The **Multivariate Normal (MVN)** is a Joint distribution that generalizes the Normal distribution. It helps us determine if a linear combination of multiple Random variables is also approximately normal, given that they follow the Normal.

Random vector

A

random vectoris just an ordered list of random variables. The order matters. For example, $(X,Y)$ is different from $(Y,X)$. A vector $X=(X_{1},X_{2},…X_{k})$ is called a $k$-dimensional vector.

## Definition

A random vector $X=(X_{1},X_{2},…X_{k})$ has the Multivariate Normal joint distribution if every linear combination of the $X_{j}$‘s also has a Normal distribution.

In other words, $X$ is MVN if for every choice of constants $t_{1},t_{2},…,t_{k}$, we require $t_{1}X_{1}+⋯+t_{k}X_{k}$ to also have a Normal distribution.

We also allow $t_{1}X_{1}+t_{2}X_{2}+…t_{k}X_{k}$ to be constant. However, the probability for this needs to be 100%, otherwise it does not follow MVN.

When the vector is 2-dimensional, the MVN distribution is also called the

Bivariate Normal.

### Parameters

The parameters of a MVN distribution are:

- The means of $X_{1},X_{2},…,X_{k}$
- The Variances of $X_{1},X_{2},…,X_{k}$
- The covariance or Correlation between
*each*pair of random variables among $X_{1},X_{2},…,X_{k}$

The variance and covariance parameters are often listed in a $k×k$ matrix called the *covariance matrix* or *variance-covariance matrix*, where row and columns are the r.v.s $X_{1},X_{2},…,X_{k}$.

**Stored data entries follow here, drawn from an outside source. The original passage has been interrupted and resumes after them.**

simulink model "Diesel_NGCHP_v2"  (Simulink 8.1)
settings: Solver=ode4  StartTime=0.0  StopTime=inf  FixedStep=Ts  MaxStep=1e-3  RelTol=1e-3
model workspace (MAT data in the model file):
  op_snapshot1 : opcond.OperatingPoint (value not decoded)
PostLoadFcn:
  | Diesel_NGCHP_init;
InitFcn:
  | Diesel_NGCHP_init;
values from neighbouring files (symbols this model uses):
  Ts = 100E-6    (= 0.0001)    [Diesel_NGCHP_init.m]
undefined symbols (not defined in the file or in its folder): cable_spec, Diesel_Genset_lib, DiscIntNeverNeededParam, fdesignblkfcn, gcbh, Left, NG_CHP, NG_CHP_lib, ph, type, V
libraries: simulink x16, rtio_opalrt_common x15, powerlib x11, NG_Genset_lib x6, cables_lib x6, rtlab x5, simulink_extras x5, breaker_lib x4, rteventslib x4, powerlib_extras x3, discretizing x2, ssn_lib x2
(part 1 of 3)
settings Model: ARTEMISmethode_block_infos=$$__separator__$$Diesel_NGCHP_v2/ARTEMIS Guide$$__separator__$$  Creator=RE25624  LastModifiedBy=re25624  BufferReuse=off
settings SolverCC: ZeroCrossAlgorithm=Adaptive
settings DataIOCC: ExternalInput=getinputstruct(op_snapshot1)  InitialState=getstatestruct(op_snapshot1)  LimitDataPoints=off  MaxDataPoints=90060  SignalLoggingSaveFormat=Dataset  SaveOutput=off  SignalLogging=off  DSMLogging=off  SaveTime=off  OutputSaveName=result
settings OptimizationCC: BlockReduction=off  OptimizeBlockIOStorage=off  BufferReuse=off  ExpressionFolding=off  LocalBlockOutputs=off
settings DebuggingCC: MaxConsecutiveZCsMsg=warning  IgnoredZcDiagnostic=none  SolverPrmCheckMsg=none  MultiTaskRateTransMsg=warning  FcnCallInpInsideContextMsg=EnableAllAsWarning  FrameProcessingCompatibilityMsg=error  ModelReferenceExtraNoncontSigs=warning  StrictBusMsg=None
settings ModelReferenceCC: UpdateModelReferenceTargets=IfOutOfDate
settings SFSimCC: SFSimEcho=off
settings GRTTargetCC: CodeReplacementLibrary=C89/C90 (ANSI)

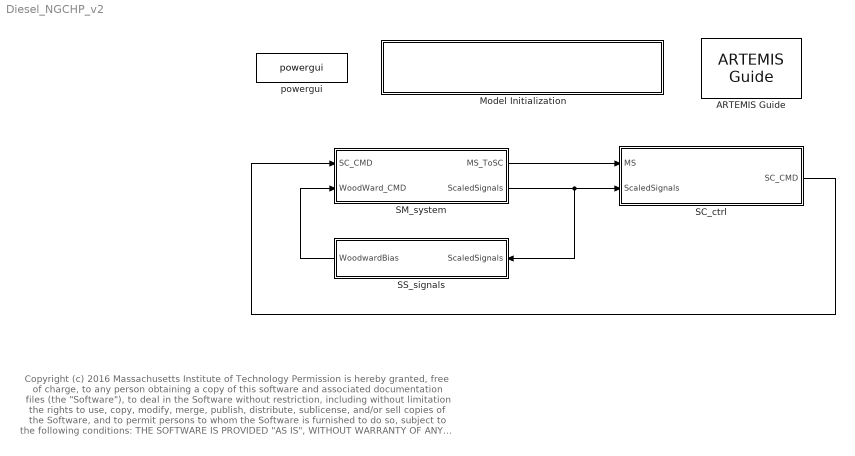
== system Diesel_NGCHP_v2 ==
  note: Copyright (c) 2016 Massachusetts Institute of Technology
      | Permission is hereby granted, free of charge, to any person obtaining a copy of this software and associated documentation files (the "Software"), to deal
      | in the Software without restriction, including without limitation the rights to use, copy, modify, merge, publish, distribute, sublicense, and/or sell copies of the
      | Software, and to permit persons to whom the Software is furnished to do so, subject to the following conditions:
      |
      | THE SOFTWARE IS PROVIDED "AS IS", WITHOUT WARRANTY OF ANY KIND, EXPRESS OR IMPLIED, INCLUDING BUT NOT LIMITED TO THE
      | WARRANTIES OF MERCHANTABILITY, FITNESS FOR A PARTICULAR PURPOSE AND NONINFRINGEMENT. IN NO EVENT SHALL THE AUTHORS
      | OR COPYRIGHT HOLDERS BE LIABLE FOR ANY CLAIM, DAMAGES OR OTHER LIABILITY, WHETHER IN AN ACTION OF CONTRACT, TORT OR
      | OTHERWISE, ARISING FROM, OUT OF OR IN CONNECTION WITH THE SOFTWARE OR THE USE OR OTHER DEALINGS IN THE SOFTWARE.
  ARTEMIS Guide : artemis/ARTEMIS/ARTEMIS Guide  Tag=FTSSmethode_opal_4hx0r99  Description=5.0_z1  lock=on  Ts=Ts  opt=art5  dyna=off  nb_perm=4  RT_fullcomp=off  ssn=on  ssn_itvc=off  ssn_ivic=off  ssn_ext=off  ssn_solver=Art5 with Backward Euler nodal interface  ssn_impulse=off  ssn_quasimpulse=off  ssn_impulse_loop=2  paraExtinctionThy=off  Thy_Impulse=on  dtc=Off  dtc_opt=normal  ao=on  simtype=off  ct_mac=off  lin_mov=off  lsp=[0.001 2]  spike_skip=Disabled  dtc_extra=1  dtc_sws=normal  dtc_pied=0.5  SPSRulesBlock=SPSRules  tre=on  ctmm=off  LF=off  dpl_type=ARTEMiS DPL  rlc_type=off  custom_type=off  para=on  ssn_ImpulseLoopBlockedStateUpdate=2  ssn_mov_iter_number=5  ssn_switch_iter_number=5
  Model Initialization : Subsystem  AncestorBlock=artemis/Tools /Misc/Model Initialization  mask(Model Functions){InitFcnX=Diesel_NGCHP_init;, prel=off, posl=on, inif=on, strf=off}
      mask prompts: InitFcnX "Initialisation"; prel "Preload Function"; posl "PostLoad Function"; inif "InitFcn"; strf "StartFcn"
      mask init:
      | currentBlock = gcb;
      | root = bdroot(currentBlock);
      | 
      | 
      | if ~strcmp(get_param(root,'BlockDiagramType'),'library')
      |     if prel==1
      |         set_param(root, 'PreLoadFcn', InitFcnX);
      |     else
      |         set_param(root, 'PreLoadFcn', '');
      |     end
      |     if inif==1
      |         set_param(root, 'InitFcn', InitFcnX);
      |     else
      |         set_param(root, 'InitFcn', '');
      |     end
      |     if strf==1
      |         set_param(root, 'StartFcn', InitFcnX);
      |     else
      |         set_param(root, 'StartFcn', '');
      |     end
      |     if posl==1
      |         set_param(root, 'PostLoadFcn', InitFcnX);
      |     else
      |         set_param(root, 'PostLoadFcn', '');
      |     end
      | end
      | 
      | pos = get_param(currentBlock, 'Position');
      | width = pos(3) - pos(1); height = pos(4) - pos(2);
      | txt = [ upper(root) '\n' '- InitFcn. . . . . '  get_param(root, 'InitFcn') ];
      settings: CopyFcn=set_param(gcb,'LinkStatus','inactive')
      mask Display: text(5, height*0.5, txt, 'horizontalAlignment', 'left', 'verticalAlignment', 'middle') ;
  SC_ctrl : Subsystem
  SM_system : Subsystem
  SS_signals : Subsystem
  powergui : powerlib/powergui  Priority=2  SimulationMode=Discrete  SolverType=Tustin  SampleTime=Ts  frequency=60  SPID=off  DisableSnubberDevices=off  DisableRonSwitches=off  DisableVfSwitches=off  SwTol=0  Interpol=off  DisplayEquations=off  frequencyindice=0  Pbase=100e6  ErrMax=1e-4  Iterations=50  UnitsV=kV  UnitsW=MW  FunctionMessages=off  echomessages=off  HookPort=off  EnableUseOfTLC=off  x0status=blocks  RestoreLinks=warning  ResistiveCurrentMeasurement=off  Frange=logspace(0,3,50)  Ylog=off  Xlog=off  ShowGrid=off  save=off  variable=ZData  structure=0  ZoomFFT=on  StartTime=0.0  cycles=2  DisplayStyle=off  fundamental=60  FreqAxis=off  MaxFrequency=1000  frequencyindicesteady=1  RmsSteady=1  display=off  Ts=0  methode=off
  wires:
  SM_system/1(MS_ToSC) -> SC_ctrl/1(MS)
  SC_ctrl/1(SC_CMD) -> SM_system/1(SC_CMD)
  SM_system/2(ScaledSignals) -> SS_signals/1(ScaledSignals), SC_ctrl/2(ScaledSignals)
  SS_signals/1(WoodwardBias) -> SM_system/2(WoodWard_CMD)

== system Diesel_NGCHP_v2/Model Initialization ==

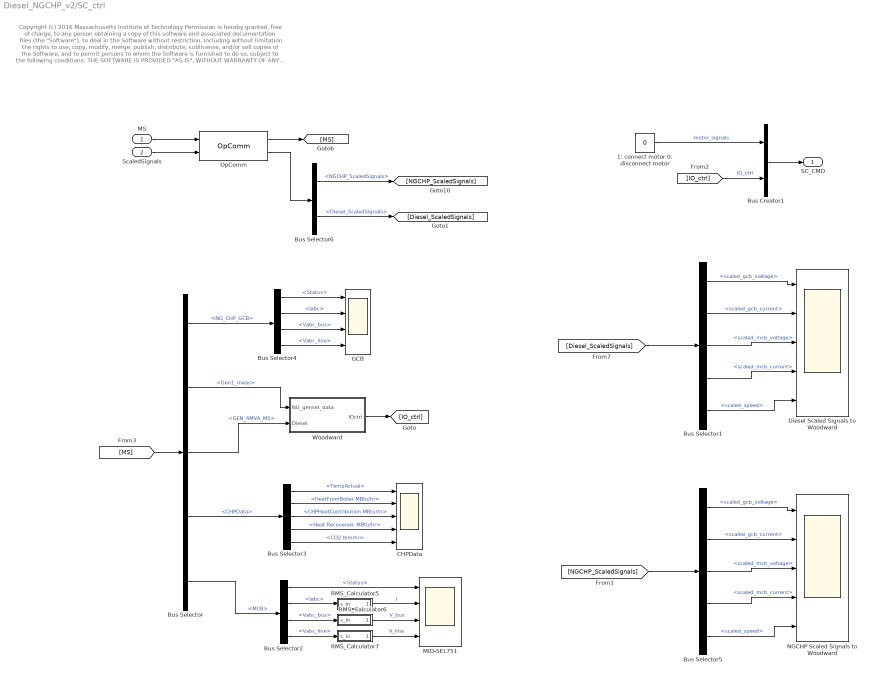
== system Diesel_NGCHP_v2/SC_ctrl ==
  note: Copyright (c) 2016 Massachusetts Institute of Technology
      | Permission is hereby granted, free of charge, to any person obtaining a copy of this software and associated documentation files (the "Software"), to deal
      | in the Software without restriction, including without limitation the rights to use, copy, modify, merge, publish, distribute, sublicense, and/or sell copies of the
      | Software, and to permit persons to whom the Software is furnished to do so, subject to the following conditions:
      |
      | THE SOFTWARE IS PROVIDED "AS IS", WITHOUT WARRANTY OF ANY KIND, EXPRESS OR IMPLIED, INCLUDING BUT NOT LIMITED TO THE
      | WARRANTIES OF MERCHANTABILITY, FITNESS FOR A PARTICULAR PURPOSE AND NONINFRINGEMENT. IN NO EVENT SHALL THE AUTHORS
      | OR COPYRIGHT HOLDERS BE LIABLE FOR ANY CLAIM, DAMAGES OR OTHER LIABILITY, WHETHER IN AN ACTION OF CONTRACT, TORT OR
      | OTHERWISE, ARISING FROM, OUT OF OR IN CONNECTION WITH THE SOFTWARE OR THE USE OR OTHER DEALINGS IN THE SOFTWARE
  MS : Inport
  ScaledSignals : Inport  Port=2
  1: connect motor 0: disconnect motor : Constant  Value=0
  Bus Creator1 : BusCreator  Inputs=2
  Bus Selector : BusSelector  OutputSignals=NG_CHP_MS.NG_CHP_GCB,NG_CHP_MS.Gen1_meas,GEN_4MVA_MS,NG_CHP_MS.CHPData,MCB
  Bus Selector1 : BusSelector  OutputSignals=scaled_gcb_voltage,scaled_gcb_current,scaled_mcb_voltage,scaled_mcb_current,scaled_speed
  Bus Selector2 : BusSelector  OutputSignals=Status,Iabc,Vabc_bus,Vabc_line
  Bus Selector3 : BusSelector  OutputSignals=TempActual,HeatFromBoiler MBtu/hr,CHPHeatContribution MBtu/hr,Thermal data.Heat Recovered; MBtu/hr,Thermal data.CO2 lbm/hr
  Bus Selector4 : BusSelector  OutputSignals=Status,Iabc,Vabc_bus,Vabc_line
  Bus Selector5 : BusSelector  OutputSignals=scaled_gcb_voltage,scaled_gcb_current,scaled_mcb_voltage,scaled_mcb_current,scaled_speed
  Bus Selector6 : BusSelector  OutputSignals=NGCHP_ScaledSignals,Diesel_ScaledSignals
  CHPData : Scope  NumInputPorts=5
      settings: ShowLegends=on  TimeRange=10  YMin=19.11~0~-1~1.37518~932.98  YMax=19.2~5.5~1~1.37533~933.08  SaveName=ScopeData5
  Diesel Scaled Signals to Woodward : Scope  NumInputPorts=5
      settings: YMin=-17.5~-0.000175~-17.5~-45~-5  YMax=17.5~0.000175~17.5~45~10  SaveName=ScopeData7
  GCB : Scope  NumInputPorts=4
      settings: ShowLegends=on  TimeRange=0.02  YMin=-1~-0.00015~-0.0025~-12500  YMax=1~0.00015~0.0025~12500
  MID-SEL751 : Scope  NumInputPorts=4
      settings: ShowLegends=on  TimeRange=1  YMin=0.95~-225~-12000~-12000  YMax=1.05~225~12000~12000  SaveName=ScopeData2
  NGCHP Scaled Signals to Woodward : Scope  NumInputPorts=5
      settings: YMin=-17.5~-0.000175~-17.5~-45~-5  YMax=17.5~0.000175~17.5~45~10  SaveName=ScopeData8
  OpComm : rtlab/OpComm  nbport=2  groupe_acq=1  subsys_rate=0  st=0  Synchronization=on  Interpolation=on  Threshold=1.0  Missed_Data=off  Sim_Time=off  Samples=off  dynSigOut=off  from_console=0  warning_done=off  writeOpCommFile=off  Offset=off
  RMS_Calculator5 : Subsystem
  RMS_Calculator6 : Subsystem
  RMS_Calculator7 : Subsystem
  Woodward : Subsystem
  SC_CMD : Outport
  wires:
  OpComm/1 -> [MS]
  MS/1 -> OpComm/1
  Woodward/1(IOctrl) -> [IO_ctrl]
  Bus Selector4/1 -> GCB/1  "<Status>"
  Bus Selector4/2 -> GCB/2  "<Iabc>"
  Bus Selector4/3 -> GCB/3  "<Vabc_bus>"
  Bus Selector4/4 -> GCB/4  "<Vabc_line>"
  Bus Selector/1 -> Bus Selector4/1  "<NG_CHP_GCB>"
  Bus Selector/2 -> Woodward/1(NG_genset_data)  "<Gen1_meas>"
  [MS] -> Bus Selector/1
  Bus Selector/4 -> Bus Selector3/1  "<CHPData>"
  Bus Selector3/1 -> CHPData/1  "<TempActual>"
  Bus Selector3/5 -> CHPData/5  "<CO2 lbm/hr>"
  Bus Selector3/2 -> CHPData/2  "<HeatFromBoiler MBtu/hr>"
  Bus Selector3/3 -> CHPData/3  "<CHPHeatContribution MBtu/hr>"
  Bus Selector3/4 -> CHPData/4  "<Heat Recovered; MBtu/hr>"
  Bus Creator1/1 -> SC_CMD/1
  1: connect motor 0: disconnect motor/1 -> Bus Creator1/1  "motor_signals"
  Bus Selector2/1 -> MID-SEL751/1  "<Status>"
  Bus Selector2/2 -> RMS_Calculator5/1(s_in)  "<Iabc>"
  Bus Selector2/3 -> RMS_Calculator6/1(s_in)  "<Vabc_bus>"
  Bus Selector2/4 -> RMS_Calculator7/1(s_in)  "<Vabc_line>"
  RMS_Calculator5/1(s_out) -> MID-SEL751/2  "I"
  RMS_Calculator6/1(s_out) -> MID-SEL751/3  "V_bus"
  RMS_Calculator7/1(s_out) -> MID-SEL751/4  "V_line"
  Bus Selector/5 -> Bus Selector2/1  "<MCB>"
  Bus Selector/3 -> Woodward/2(Diesel)  "<GEN_4MVA_MS>"
  [IO_ctrl] -> Bus Creator1/2  "IO_ctrl"
  Bus Selector1/1 -> Diesel Scaled Signals to Woodward/1  "<scaled_gcb_voltage>"
  Bus Selector1/2 -> Diesel Scaled Signals to Woodward/2  "<scaled_gcb_current>"
  Bus Selector1/3 -> Diesel Scaled Signals to Woodward/3  "<scaled_mcb_voltage>"
  Bus Selector1/4 -> Diesel Scaled Signals to Woodward/4  "<scaled_mcb_current>"
  Bus Selector1/5 -> Diesel Scaled Signals to Woodward/5  "<scaled_speed>"
  [Diesel_ScaledSignals] -> Bus Selector1/1
  Bus Selector5/1 -> NGCHP Scaled Signals to Woodward/1  "<scaled_gcb_voltage>"
  Bus Selector5/2 -> NGCHP Scaled Signals to Woodward/2  "<scaled_gcb_current>"
  Bus Selector5/3 -> NGCHP Scaled Signals to Woodward/3  "<scaled_mcb_voltage>"
  Bus Selector5/4 -> NGCHP Scaled Signals to Woodward/4  "<scaled_mcb_current>"
  Bus Selector5/5 -> NGCHP Scaled Signals to Woodward/5  "<scaled_speed>"
  [NGCHP_ScaledSignals] -> Bus Selector5/1
  OpComm/2 -> Bus Selector6/1
  Bus Selector6/1 -> [NGCHP_ScaledSignals]  "<NGCHP_ScaledSignals>"
  Bus Selector6/2 -> [Diesel_ScaledSignals]  "<Diesel_ScaledSignals>"
  ScaledSignals/1 -> OpComm/2

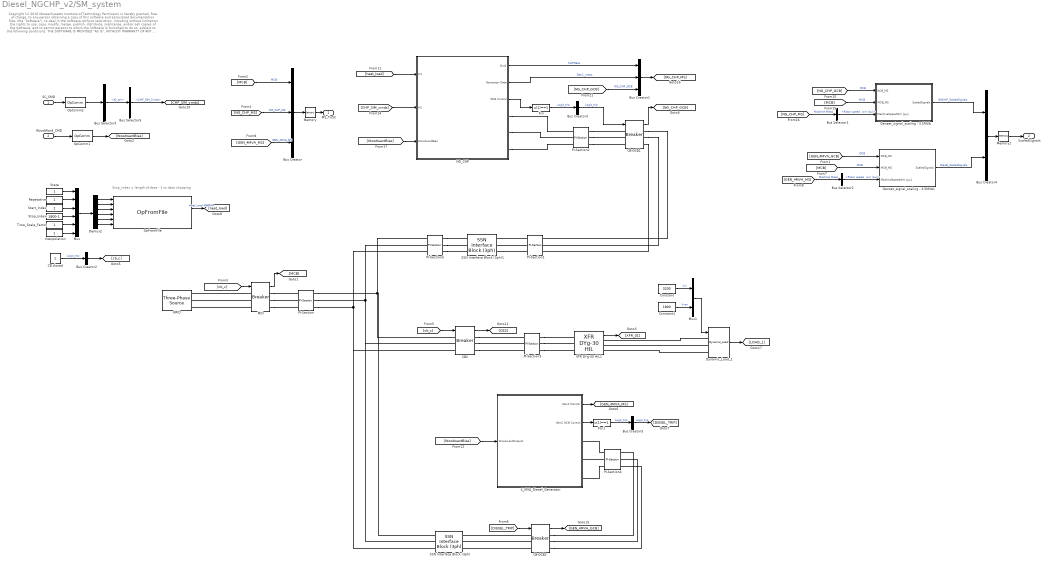
== system Diesel_NGCHP_v2/SM_system ==
  note: Copyright (c) 2016 Massachusetts Institute of Technology
      | Permission is hereby granted, free of charge, to any person obtaining a copy of this software and associated documentation files (the "Software"), to deal
      | in the Software without restriction, including without limitation the rights to use, copy, modify, merge, publish, distribute, sublicense, and/or sell copies of the
      | Software, and to permit persons to whom the Software is furnished to do so, subject to the following conditions:
      |
      | THE SOFTWARE IS PROVIDED "AS IS", WITHOUT WARRANTY OF ANY KIND, EXPRESS OR IMPLIED, INCLUDING BUT NOT LIMITED TO THE
      | WARRANTIES OF MERCHANTABILITY, FITNESS FOR A PARTICULAR PURPOSE AND NONINFRINGEMENT. IN NO EVENT SHALL THE AUTHORS
      | OR COPYRIGHT HOLDERS BE LIABLE FOR ANY CLAIM, DAMAGES OR OTHER LIABILITY, WHETHER IN AN ACTION OF CONTRACT, TORT OR
      | OTHERWISE, ARISING FROM, OUT OF OR IN CONNECTION WITH THE SOFTWARE OR THE USE OR OTHER DEALINGS IN THE SOFTWARE
  note: Stop_index = length of data - 1 to data chopping
  SC_CMD : Inport
  WoodWard_CMD : Inport  Port=2
  4_MVA_Diesel_Generator : Subsystem  AncestorBlock=Diesel_Genset_lib/4_MVA_Diesel_Generator
  Bus Creator : BusCreator  Inputs=3
  Bus Creator1 : BusCreator  Inputs=3
  Bus Creator2 : BusCreator  Inputs=1
  Bus Creator3 : BusCreator  Inputs=1
  Bus Creator4 : BusCreator  Inputs=2
  Bus Creator5 : BusCreator  Inputs=1
  Bus Selector1 : BusSelector  OutputSignals="Gen1_meas.w.w.Rotor speed  wm (pu)"
  Bus Selector2 : BusSelector  OutputSignals="w.w.Rotor speed  wm (pu)"
  Bus Selector3 : BusSelector  OutputSignals=IO_ctrl
  Bus Selector5 : BusSelector  OutputSignals=16 DOUT GR3.CHP_SIM_Cmds
  CB closed : Constant
  CB-GCB1 : breaker_lib/Breaker  Ts=Ts  mech_delay=cb_mech_delay
  CB-GCB2 : breaker_lib/Breaker  Ts=Ts  mech_delay=cb_mech_delay
  CB2 : breaker_lib/Breaker  Ts=Ts  mech_delay=cb_mech_delay
  Constant : Constant  Value=3200
  Constant1 : Constant  Value=1800
  Demux2 : Demux  Outputs=6
  Dynamic_Load_1 : Load_lib/Dynamic_Load  V=4160  Ts=Ts
  Fcn : Fcn  Expr=u(1)==1
  Fcn1 : Fcn  Expr=u(1)==1
  GRID : powerlib/Electrical Sources/Three-Phase Source  Voltage=13800  PhaseAngle=0  Frequency=60  InternalConnection=Yg  SpecifyImpedance=on  Resistance=0.8929  Inductance=16.58e-3  ShortCircuitLevel=375e6  BaseVoltage=13800  XRratio=4.6  BusType=swing  Pref=0  Qref=0  Qmin=-inf  Qmax=inf
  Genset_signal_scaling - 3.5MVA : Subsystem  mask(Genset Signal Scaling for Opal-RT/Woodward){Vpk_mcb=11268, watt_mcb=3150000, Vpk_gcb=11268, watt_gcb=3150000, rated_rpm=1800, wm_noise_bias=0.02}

- From the definition of covariance this implies the diagonal entries are the variance.
- The bottom left triangle is equivalent to the upper right triangle.

## Properties

If $(X_{1},X_{2},…,X_{k})$ is Multivariate Normal, then each individual r.v. $X_{j}$ is also Normal. We can show this by treating $X_{1}$ as a linear combination of the other random variables:

$X_{1}=1⋅X_{1}+0⋅X_{2}+0⋅X_{3}+⋯+0⋅X_{k}$and therefore by the definition of MVN, $X_{1}$ is Normal.

However, *the converse is not true*: knowing that $X_{1}$, $X_{2}$, etc. are Normal does not imply that $(X_{1},X_{2},…)$ is Multivariate Normal.

If $X_{1},X_{2},…,X_{k}$ are Independent Normal random variables, then $(X_{1},X_{2},…,X_{k})$ is a Multivariate Normal. This follows from the fact that the sum of independent Normals is Normal.

Suppose that $(X_{1},X_{2},…)$ is MVN. We can show that a set of variables $Y_{1},Y_{2},…$ is also MVN if for every choice of constants $t_{1},t_{2},…$, we can rewrite it as a linear combination of $X_{1},X_{2},…$.

- If every linear combination of $Y_{1},Y_{2},…$ can be expressed equivalently as a linear combination of $X_{1},X_{2},…$, then there’s a direct mapping from one to the other.
- And since $(X_{1},X_{2},…)$ is MVN, it follows that $(Y_{1},Y_{2},…)$ must also be MVN.

If $(X,Y)$ is Bivariate Normal and the Covariance $Cov(X,Y)=0$, then $X$ and $Y$ are independent. Remember that in the general case, just because the covariance is zero doesn’t mean the variables are independent. But it’s true for this case.